Writer Ian Armitage
Since the spectacular collapse of Japan’s 1980’s bubble economy in the 90’s the country’s economy has been in stagnation and decline but it is now starting to show signs of recovery: Tokyo stocks have reached five-year highs; deflation appears to be under control; and interest rates, effectively at zero for more than five years, may soon begin to rise.
Real estate prices are also rebounding.
What’s changed? New Prime Minister Shinzo Abe has pushed policymakers and other officials to take bold steps to revive one of the world’s largest economies – things like temporary fiscal stimulus, monetary easing and structural reform (together they make up a strategy known as “Abenomics”).
A sign the push is working came when the yen hit 100 to the dollar for the first time since 2009 in May. While it means the yen is worth less than a penny, it is good news in Japan’s case. Japan’s goal has been to weaken the currency in hopes that a lower yen will help the country lift itself out of a deflationary state. The policies put in place by Mr Abe and Haruhiko Kuroda, chairman of the Bank of Japan, appear to be doing just that – the yen has fallen nearly 25 percent against the U.S. dollar since November, when Japan’s cabinet approved a 422.6 billion yen economic stimulus package of subsidies and tax grants designed to boost its economy.
So why is a weak yen appealing? For one it makes Japanese exports more competitive around the world and that’ll help boost exporters’ profits. In fact it already has. Toyota Motor reported that net income in the last 12 months had jumped threefold and Sony produced an annual profit for the first time in five years. Both forecast further profit increases.
The weaker yen has also triggered a rally in the country’s stock market and it is expected to be a boon for tourism.
“We’re finally seeing a correction of the excessively strong yen,” Mr Abe said.
But perhaps the yen hitting 100 to the dollar says more about the strength in the U.S. economy than it does about Japan’s recovery?
“It’s the dollar that’s in demand because economic recovery in America is gathering steam,” Amari Akira, the Japanese economic revitalisation minister, said.
The U.S. is now Japan’s biggest export market with recent figures showing it edged ahead of China with U.S.-bound exports jumping 10.4 percent from a year earlier to 11.4 trillion yen. Exports to China, a major export destination due to its status as Japan’s biggest offshore manufacturing base, plunged 9.1 percent to 11.3 trillion yen.
Forex.com’s Chris Tedder certainly thinks Japan is more dependent on U.S. growth than China’s economic health. “Hopes of an economic recovery in Japan may be more dependent on U.S. growth than China’s economic health, at least that’s the picture that emerged from Japanese trade data,” he wrote. “The U.S. has regained its crown as the number one export destination for Japanese exports, after losing the title in 2009 on the back of a massive stimulus binge in China.

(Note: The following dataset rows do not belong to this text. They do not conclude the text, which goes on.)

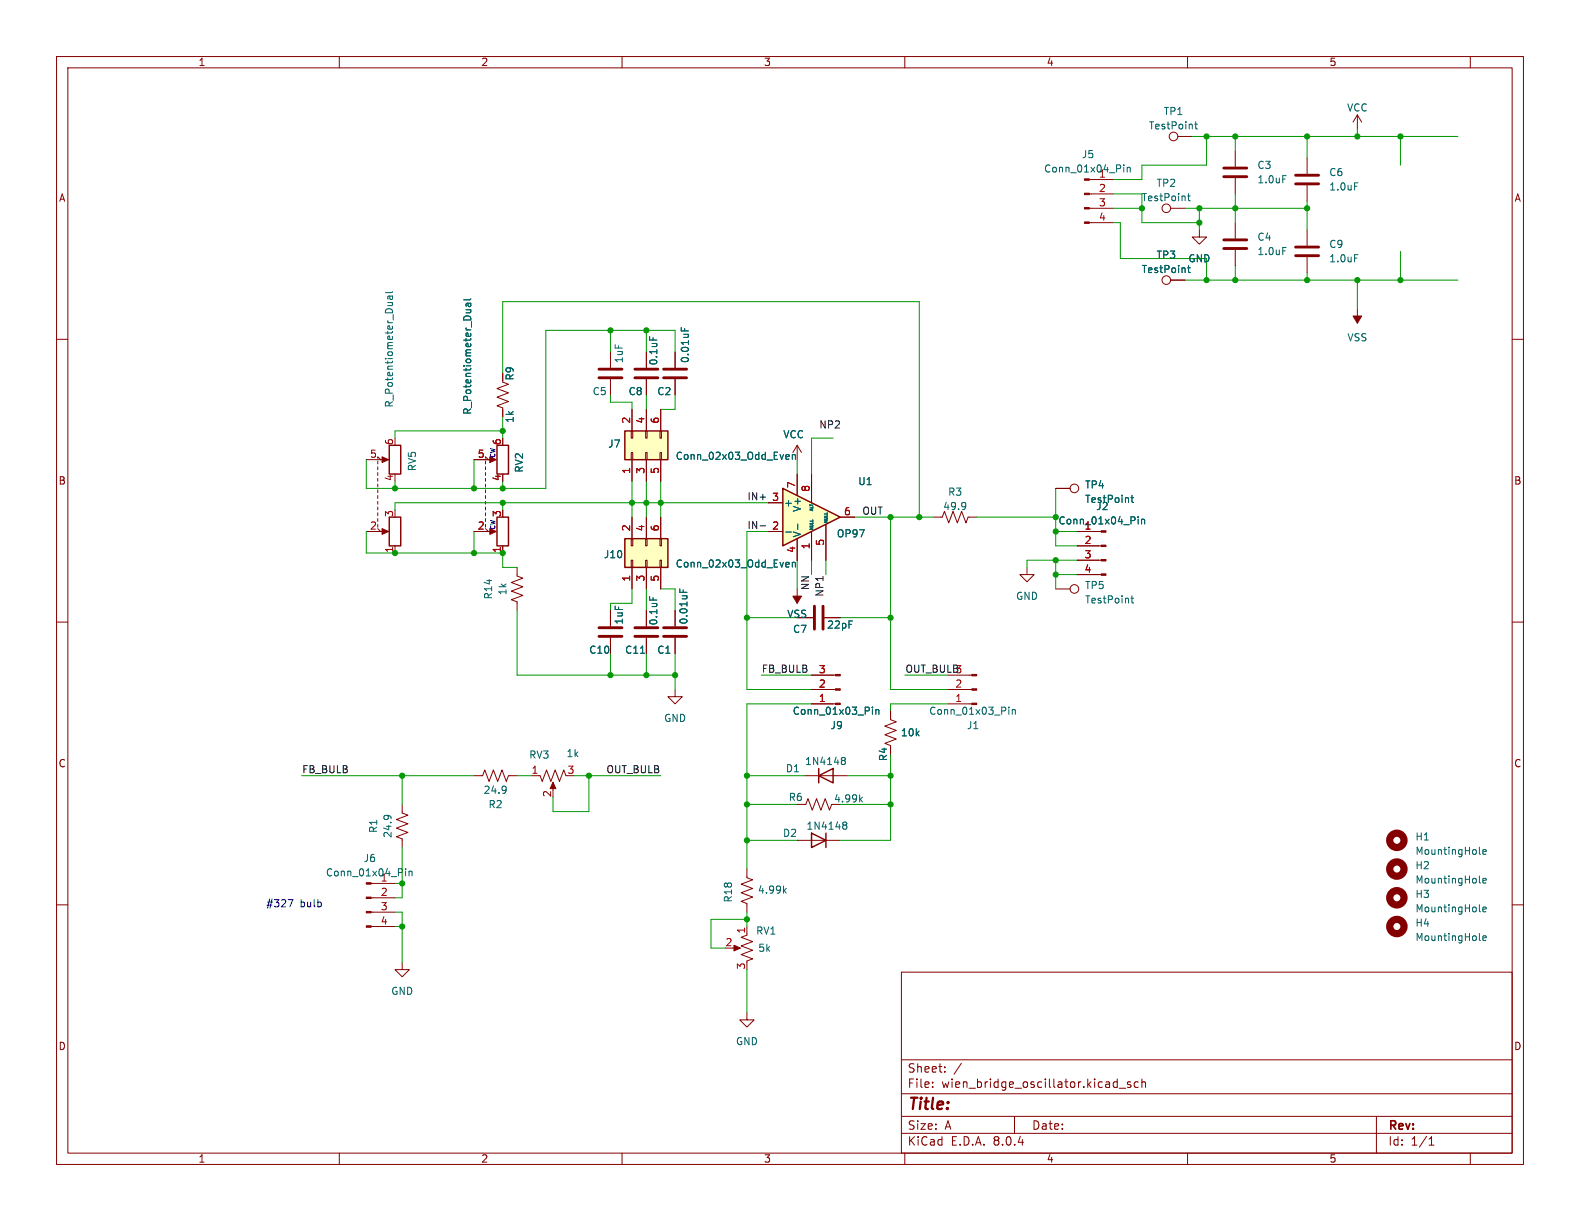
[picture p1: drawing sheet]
<svg xmlns="http://www.w3.org/2000/svg" width="279mm" height="216mm" viewBox="0 0 279 216" stroke-linecap="round" stroke-linejoin="round" font-family="sans-serif">
<g fill="none" stroke="#840000" stroke-width=".18">
<path d="M10 10h259.4v195.9h-259.4zM12 12h255.4v191.9h-255.4zM60 10v2M110 10v2M160 10v2M210 10v2M260 10v2M218.4 26.7v2.8M218.4 31.5v2.8M10 60h2M231.1 40.6v2.8M231.1 45.5v2.8"/>
<path d="M267.4 60h2M119.4 62.2v2.8M119.4 67.1v2.8M141 78.7l-.8 1.3M141 78.7v2.6M141 78.7l.7 1.3M165.1 91.4h1.5l.4-1 .8 2.1 .7-2.1 .8 2.1 .8-2.1 .7 2.1 .4-1.1h1.5M10 110h2M91.4 100.3v1.6l1.1 .3-2.1 .8 2.1 .8-2.1 .7 2.1 .8-2.1 .7 1 .4v1.6M107.9 108v2.7M107.9 112.8v2.8M143.5 119.4h4.2"/>
<path d="M267.4 110h2M83.8 137.2h1.5l.4-1.1 .8 2.1 .7-2.1 .8 2.1 .8-2.1 .7 2.1 .4-1h1.5M142.2 137.2h7.7M143.5 121.9h4.2M143.5 124.5h4.2M157.5 125.7v1.6l1 .3-2 .8 2 .8-2 .7 2 .8-2 .7 1 .4v.3M10 160h2M132.1 153.7v1.5l1 .4-2 .7 2 .8-2 .8 2 .7-2 .8 1 .4v1.5M141 142.2h1.5l.4-1 .7 2.1 .8-2.1 .8 2.1 .7-2.1 .8 2.1 .4-1.1M141 148.6h7.6M267.4 160h2M71.1 170.2v1.3h1.3l-1.3 1.2-1.3-1.2h1.3"/>
<path d="M159.4 171.9h108v32h-108zM159.4 197.4h108M159.4 193.4h108M159.4 187.4h108M164.9 192.1v.2M164.9 191.4v.1M167.1 189.4v.2M167.1 188.7v.1M170 188l-1.3 1.9M179.4 197.4v3M197.9 192.4h1.2M199.9 191.4l-.3-.1-.2 .2v.2l.5 .2v.3h-.5"/>
<path d="M201.3 191.4l-.4-.1-.3 .3v.4l.1 .2h.6M201.9 191.4l.2-.1 .4 .1 .1 .9M201.9 190.8v1.5M243.4 197.4v6.5M60 203.9v2M110 203.9v2M159.4 200.4h108M160 203.9v2M210 203.9v2M252.7 202.5h.9M252.7 201.4l.4-.4v1.5M260 203.9v2"/>
</g>
<path d="M216.4 31.2h4.1M216.4 29.7h4.1M229.1 45.2h4.1M229.1 43.7h4.1M117.3 65.3h4.1M117.3 66.8h4.1M105.9 111h4.1M105.9 112.5h4.1" fill="none" stroke="#840000" stroke-width=".51"/>
<g fill="none" stroke="#006464" stroke-width=".18">
<path d="M226.8 31.1h.6M120.5 57.9v.6M121.1 58.1v.4M239.5 45h.6M170.7 88.9v.1a1.07 1.07 0 0 1-.1 1M170.8 89.4l-.1 .2M89.4 139.1a1.07 1.07 0 0 1-.1 1.1M89.5 139.6l-.1 .1M148.9 134.4l.1 .1M148.9 134l.4-.1 .1 .2 .1 .1-.2 .3M149 134.5h.3M149 134.5h-.1"/>
<path d="M149.3 134.5l.2 .2-.1 .4-.1 .1-.4-.1M154.3 125v.2M154.3 125.5v.8M154.9 125.5v.8M154.9 125.6l.2-.1h.3v.8M138.7 157.4l.3 .5M139 157.1l-.4 .5M149.1 145.8l.2 .1M149.1 145.4h.4l.2 .1 .1 .2-.3 .2M149.3 145.9h.2M149.3 145.9l-.2 .1M149.5 145.9l.3 .2-.1 .4-.2 .1h-.4"/>
<path d="M152.1 141.3l.4 .5M152.5 141l-.5 .4"/>
</g>
<g fill="#840000" stroke="#840000" stroke-width=".18">
<path d="M147.7 119.3h.9v.2h-.9z"/>
<path d="M147.7 121.8h.9v.2h-.9z"/>
<path d="M147.7 124.3h.9v.3h-.9z"/>
</g>
<path d="M144.8 137.2l2.5-1.3v2.5zM144.8 135.9v2.5M143.5 147.3l2.5 1.3-2.5 1.3zM146 147.3v2.6" fill="none" stroke="#840000" stroke-width=".25"/>
<path d="M110.5 76.2h7.6v5.1h-7.6z" fill="#ffffc2"/>
<g fill="none" stroke="#840000" stroke-width=".18">
<path d="M207 36.8h2.5M208.3 24.1h2.5M218.4 39.4v2.8M240 20.3l-.7 1.3M240 20.3v2.6M240 20.3l.8 1.3M207 49.5h2.5M212.1 40.6v1.3h1.3l-1.3 1.3-1.3-1.3h1.3M218.4 44.2v2.8M88.9 66v1.6l1 .3-2 .8 2 .8-2 .7 2 .8-2 .8 1 .3v1.6M107.9 62.2v2.8M107.9 67.1v2.8"/>
<path d="M111.6 76.2h.3v1.3h-.3zM111.8 72.4v3.8M114.2 76.2h.2v1.3h-.2zM114.3 62.2v2.8M114.3 67.1v2.8M114.3 72.4v3.8M116.7 76.2h.3v1.3h-.3zM116.8 72.4v3.8M64.8 94h3.5M64.8 81.3h3.5M66.8 81v-.2l.5 .5M66.8 93.5l.5 .5"/>
<path d="M66.8 81.5v.5M66.8 82.6v.5M66.8 83.6v.5M66.8 84.6v.5M66.8 85.6v.5M66.8 86.6v.5M66.8 87.6v.5M66.8 88.6v.6M66.8 89.7v.5M66.8 90.7v.5M66.8 91.7v.5M69.8 96.5v1.3"/>
<path d="M83.8 94h3.6M83.8 81.3h3.6M85.9 81v-.2l.5 .5M85.9 93.5l.5 .5M85.9 81.5v.5M85.9 82.6v.5M85.9 83.6v.5M85.9 84.6v.5M85.9 85.6v.5M85.9 86.6v.5M85.9 87.6v.5M85.9 88.6v.6"/>
<path d="M85.9 89.7v.5M85.9 90.7v.5M85.9 91.7v.5M88.9 96.5v1.3M111.6 80h.3v1.3h-.3zM111.8 81.3v3.8M114.2 80h.2v1.3h-.2zM114.3 81.3v3.8M116.7 80h.3v1.3h-.3zM116.8 81.3v3.8M114.3 108v2.7M114.3 112.8v2.8"/>
<path d="M119.4 108v2.7M119.4 112.8v2.8M94 137.2h1.5l.4 1 .7-2.1 .8 2.1 .8-2.1 .7 2.1 .8-2.1 .4 1.1M97.8 138.7v1M65.6 158.8h4.2M65.6 156.2h4.2M71.1 142.2v1.6l1 .3-2 .8 2 .8-2 .7 2 .8-2 .8 1 .3v1.6M65.6 163.8h4.2M65.6 161.3h4.2M129.5 167.6h1.1M132.1 179.1v1.2h1.2l-1.2 1.3-1.3-1.3h1.3M132.1 165.4l-1 .3 2 .8-2 .8 2 .7-2 .8 2 .7-1 .4v.3"/>
<path d="M132.1 163.8v1.3"/>
<circle cx="206.2" cy="36.8" r=".76"/>
<circle cx="207.5" cy="24.1" r=".76"/>
<circle cx="206.2" cy="49.5" r=".76"/>
</g>
<path d="M68.8 78.7h2.1v5.1h-2.1zM87.9 78.7h2v5.1h-2zM110.5 76.2h7.6v5.1h-7.6zM68.8 91.4h2.1v5.1h-2.1zM87.9 91.4h2v5.1h-2z" fill="none" stroke="#840000" stroke-width=".25"/>
<g fill="none" stroke="#006464" stroke-width=".18">
<path d="M210 34.7h.5M210.2 34.2v1.1l.3 .2M211.3 22h.5M211.4 21.5v1.1l.4 .2M68.6 53.5h.8M68.9 52.3v.5l.2 .2 .3-.2v-.5M69.3 53.5l.1 .4M69.4 52.3l-.8 .1v.5M69.4 51.6l-.2 .1h-1.1M82.4 54.8h.9M82.7 53.6l.1 .4 .2 .2 .3-.2-.1-.4M83.1 54.8l.2 .3"/>
<path d="M83.3 53.6l-.8 .1v.5M83.3 52.8l-.2 .2h-1.1M114.9 59.5v.6M210 47.4h.5M210.2 46.9v1.1l.3 .2M226.8 43.8h.6M139.1 80.4h.4l.1 .3-.6 .1M139.5 81.2h-.4M140.1 80.5l.2-.1h.3l.1 .8M140.1 80.4v.8M113.3 115.5h.7M114.9 105.5v.6"/>
<path d="M120.2 104.1v.6M120.8 104.3v.4M67.9 144.3l.1-.1a1.07 1.07 0 0 1 1 .2M68.4 144.2l.2 .1M71.7 153.6v.1M71.7 154v.9M72.3 154v.9M72.3 154.2l.2-.2 .3 .1 .1 .8"/>
</g>
<g fill="#840000" stroke="#840000" stroke-width=".18">
<path d="M129.8 167.1l1.1 .5-1.1 .5z"/>
<path d="M67.6 93.5l1.1 .5-1.1 .5z"/>
<path d="M67.6 80.8l1.1 .5-1.1 .5z"/>
<path d="M86.6 93.5l1.2 .5-1.2 .5z"/>
<path d="M86.6 80.8l1.2 .5-1.2 .5z"/>
<path d="M97.8 138.3l.5 1.1h-1z"/>
<path d="M64.8 163.7h.8v.3h-.8z"/>
<path d="M64.8 161.2h.8v.2h-.8z"/>
<path d="M64.8 158.6h.8v.3h-.8z"/>
<path d="M64.8 156.1h.8v.2h-.8z"/>
</g>
<path d="M216.4 43.9h4.1M216.4 42.4h4.1M105.9 65.3h4.1M105.9 66.8h4.1M112.3 65.3h4M112.3 66.8h4M112.3 111h4M112.3 112.5h4M117.3 111h4.1M117.3 112.5h4.1" fill="none" stroke="#840000" stroke-width=".51"/>
<path d="M110.5 95.3h7.6v5h-7.6z" fill="#ffffc2"/>
<g fill="none" stroke="#840000" stroke-width=".18">
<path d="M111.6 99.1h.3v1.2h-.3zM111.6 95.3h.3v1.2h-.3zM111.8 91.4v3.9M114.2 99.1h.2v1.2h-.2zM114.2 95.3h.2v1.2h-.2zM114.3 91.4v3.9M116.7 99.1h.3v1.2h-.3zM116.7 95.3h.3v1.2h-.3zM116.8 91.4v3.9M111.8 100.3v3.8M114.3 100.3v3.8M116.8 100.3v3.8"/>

It makes sense that Japan’s exporters would be looking away from China. Recent tensions over a diplomatic dispute between Beijing and Tokyo over a chain of Islands in the East China Sea have had a significant impact on China-Japan trade relations.
“Nonetheless, the U.S. may not hold the top spot indefinably from here, given house close the figures are – Japan’s exports to the US increased around 10 percent to 11.4 trillion yen, just beating 11.3 trillion yen worth of exports to China. Yet, we wouldn’t be surprised if Japan’s exporters continue to seek out the U.S. in coming quarters/years as the US recovers from a recession and China eases to more sustainable growth levels. Japan’s deficit was 362 billion yen in the fiscal year ended in March (the smallest since June), with exports increasing a modest 1.1 percent and imports jumping 5.5 percent.”
Some U.S. manufacturers aren’t too pleased with Abe’s policies. “The depth of Japanese currency manipulation has reached a new low,” said Matt Blunt, the American Automotive Policy Council’s president in a statement.
Okay, so the weaker yen certainly makes it harder for U.S. exporters to sell products in Japan, but how does it affect ordinary Japanese citizens? Well, as the currency weakens, prices of imported goods and raw materials have risen quickly too. Items like toilet paper and tissues have jumped by 10-15 percent.
The key will lie in how much the Japanese companies cashing in on the weaker yen will pass on their bigger profits to consumers, by raising wages or hiring new workers.
The government has been publicly pressuring corporate executives to raise pay, with rhetoric suggesting companies needed to “return favourable corporate earnings to their workers,” prompting a string of companies to declare wage increases or extra bonuses in recent months.
Mr Abe has reassured the public that the trickle-down to consumers from the weaker yen was already starting. “It might take a year or two for everyone’s incomes to grow, but we’ve already seen things start to improve this year,” he said.